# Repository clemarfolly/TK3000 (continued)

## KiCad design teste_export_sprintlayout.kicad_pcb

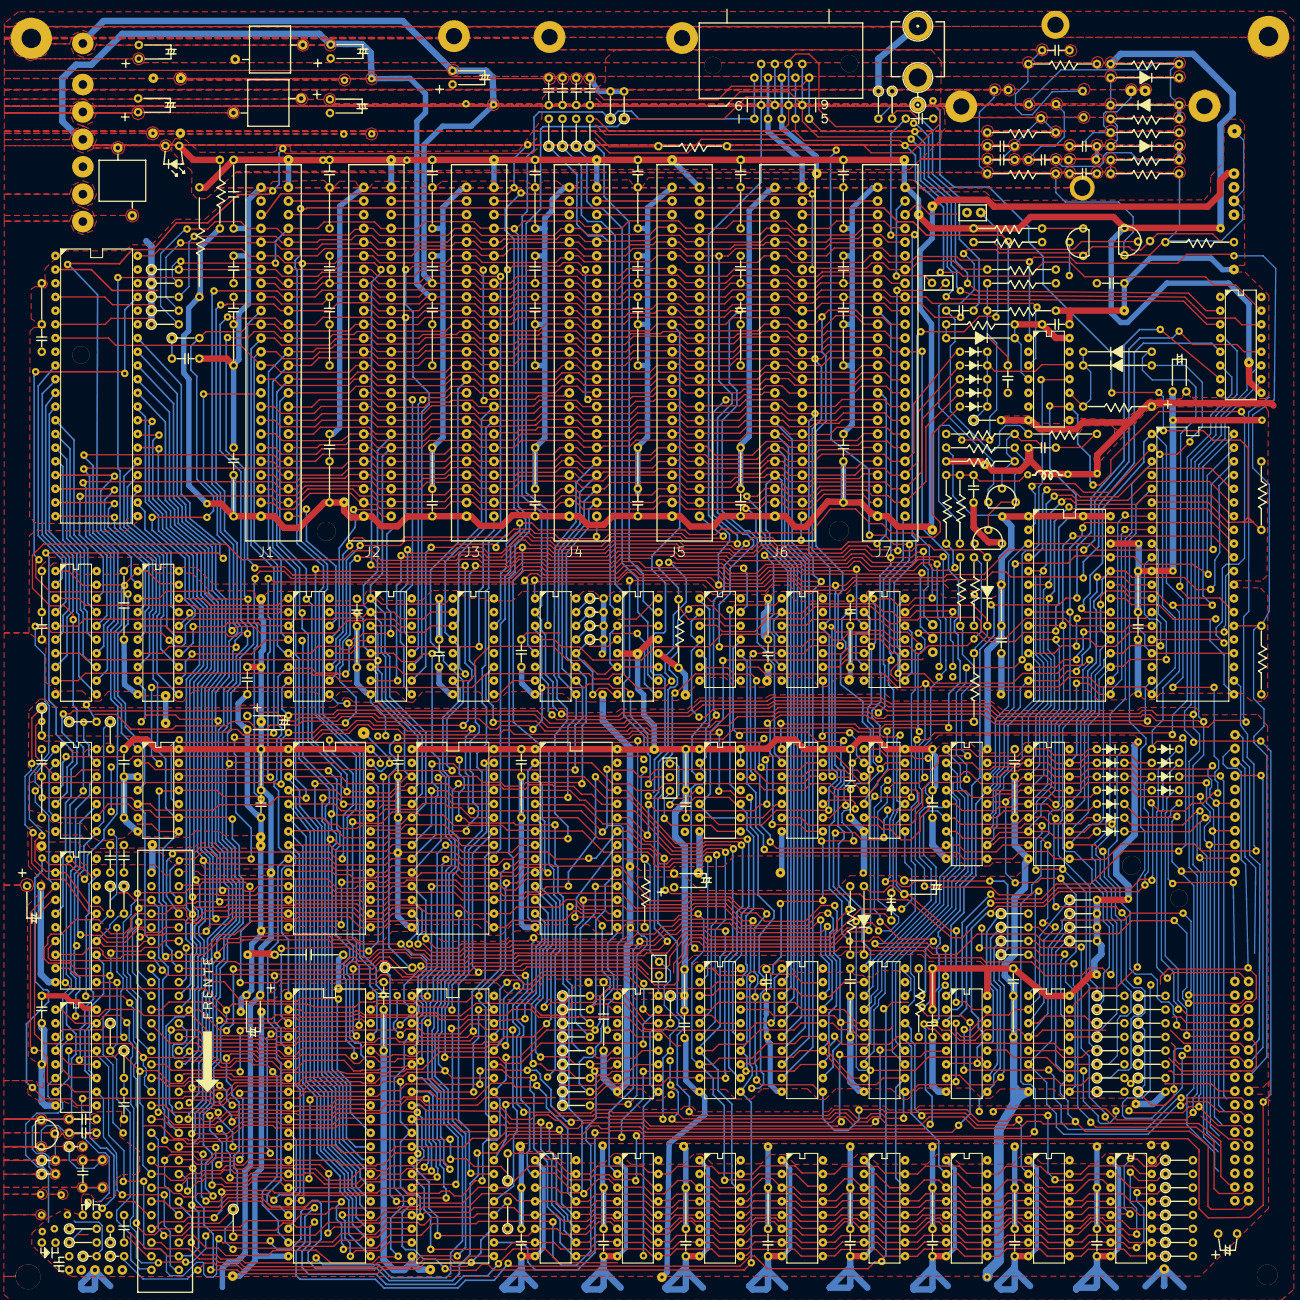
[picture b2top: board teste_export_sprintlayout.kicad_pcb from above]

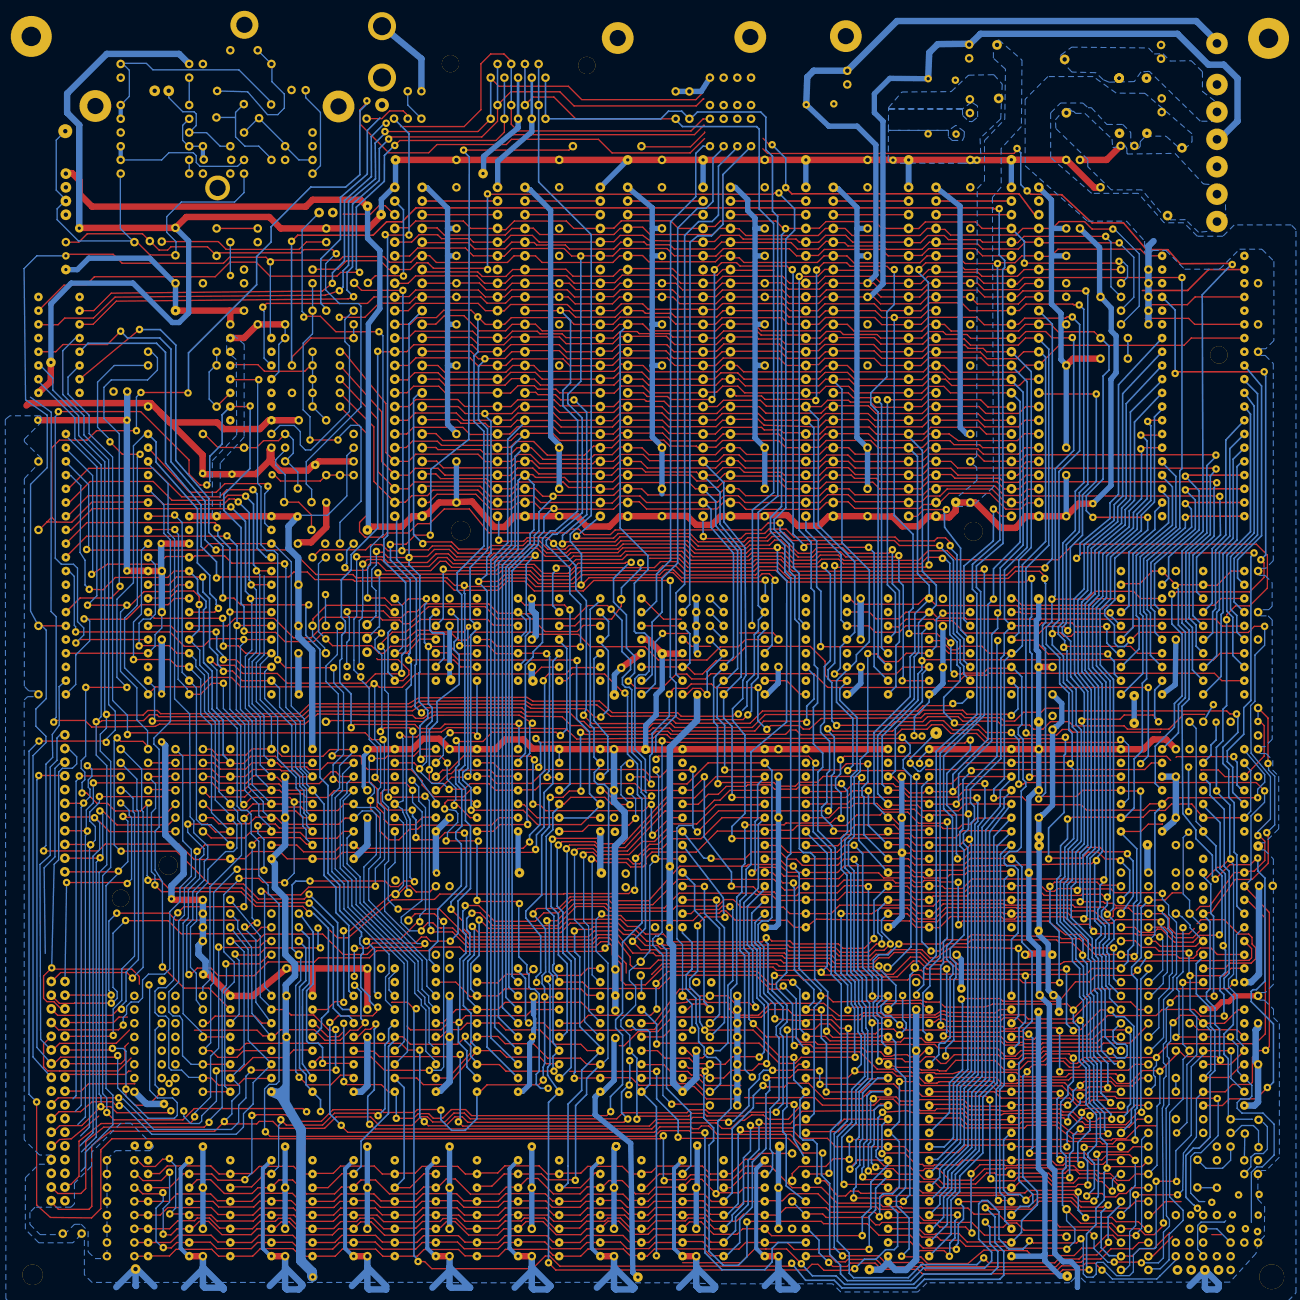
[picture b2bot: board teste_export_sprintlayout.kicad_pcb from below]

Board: 4 copper layers, 1275 parts (962 on the bottom side), 297 nets.

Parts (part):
C: FP_11779_4812_909
C110: 16uF/25V; FP_22677_22885_1261
C#2: FP_11779_5955_910
C#3: FP_11779_3415_911
C#4: FP_11779_8749_912
C#5: FP_13684_4812_913
C#6: FP_13684_5955_914
C#7: FP_13684_3415_915
C#8: FP_13684_8749_916
C#9: FP_730_5701_1057
C#10: FP_4540_12432_1058
C#11: FP_4286_4812_1059
C#12: FP_3397_6463_1060
C#13: FP_6064_4812_1061
C#14: FP_6064_5955_1062
C#15: FP_6064_8495_1063
C#16: FP_6064_3415_1064
C#17: FP_7969_3415_1065
C#18: FP_7969_4812_1066
C#19: FP_7969_5955_1067
C#20: FP_9874_4812_1068
C#21: FP_9874_5955_1069
C#22: FP_9874_3415_1070
C#23: FP_4286_8749_1071
C#24: FP_4286_5955_1072
C#25: FP_7969_8749_1073
C#26: FP_9874_8749_1074
C#27: FP_4286_3415_1075
C#28: FP_2254_11035_1078
C#29: FP_730_11035_1079
C#30: FP_730_14337_1080
C#31: FP_2254_14337_1081
C#32: FP_4794_14337_1082
C#33: FP_15589_4812_1083
C#34: FP_15589_5955_1084
C#35: FP_15589_3415_1085
C#36: FP_15589_8495_1086
C#37: FP_10128_1510_1087
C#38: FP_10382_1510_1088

■ Goal of the exercise:
Would you please retype the material above exactly and leave out each picture?

■ Answer below:
# Repository clemarfolly/TK3000 (continued)

## KiCad design teste_export_sprintlayout.kicad_pcb

[picture b2top: board teste_export_sprintlayout.kicad_pcb from above]

[picture b2bot: board teste_export_sprintlayout.kicad_pcb from below]

Board: 4 copper layers, 1275 parts (962 on the bottom side), 297 nets.

Parts (part):
C: FP_11779_4812_909
C110: 16uF/25V; FP_22677_22885_1261
C#2: FP_11779_5955_910
C#3: FP_11779_3415_911
C#4: FP_11779_8749_912
C#5: FP_13684_4812_913
C#6: FP_13684_5955_914
C#7: FP_13684_3415_915
C#8: FP_13684_8749_916
C#9: FP_730_5701_1057
C#10: FP_4540_12432_1058
C#11: FP_4286_4812_1059
C#12: FP_3397_6463_1060
C#13: FP_6064_4812_1061
C#14: FP_6064_5955_1062
C#15: FP_6064_8495_1063
C#16: FP_6064_3415_1064
C#17: FP_7969_3415_1065
C#18: FP_7969_4812_1066
C#19: FP_7969_5955_1067
C#20: FP_9874_4812_1068
C#21: FP_9874_5955_1069
C#22: FP_9874_3415_1070
C#23: FP_4286_8749_1071
C#24: FP_4286_5955_1072
C#25: FP_7969_8749_1073
C#26: FP_9874_8749_1074
C#27: FP_4286_3415_1075
C#28: FP_2254_11035_1078
C#29: FP_730_11035_1079
C#30: FP_730_14337_1080
C#31: FP_2254_14337_1081
C#32: FP_4794_14337_1082
C#33: FP_15589_4812_1083
C#34: FP_15589_5955_1084
C#35: FP_15589_3415_1085
C#36: FP_15589_8495_1086
C#37: FP_10128_1510_1087
C#38: FP_10382_1510_1088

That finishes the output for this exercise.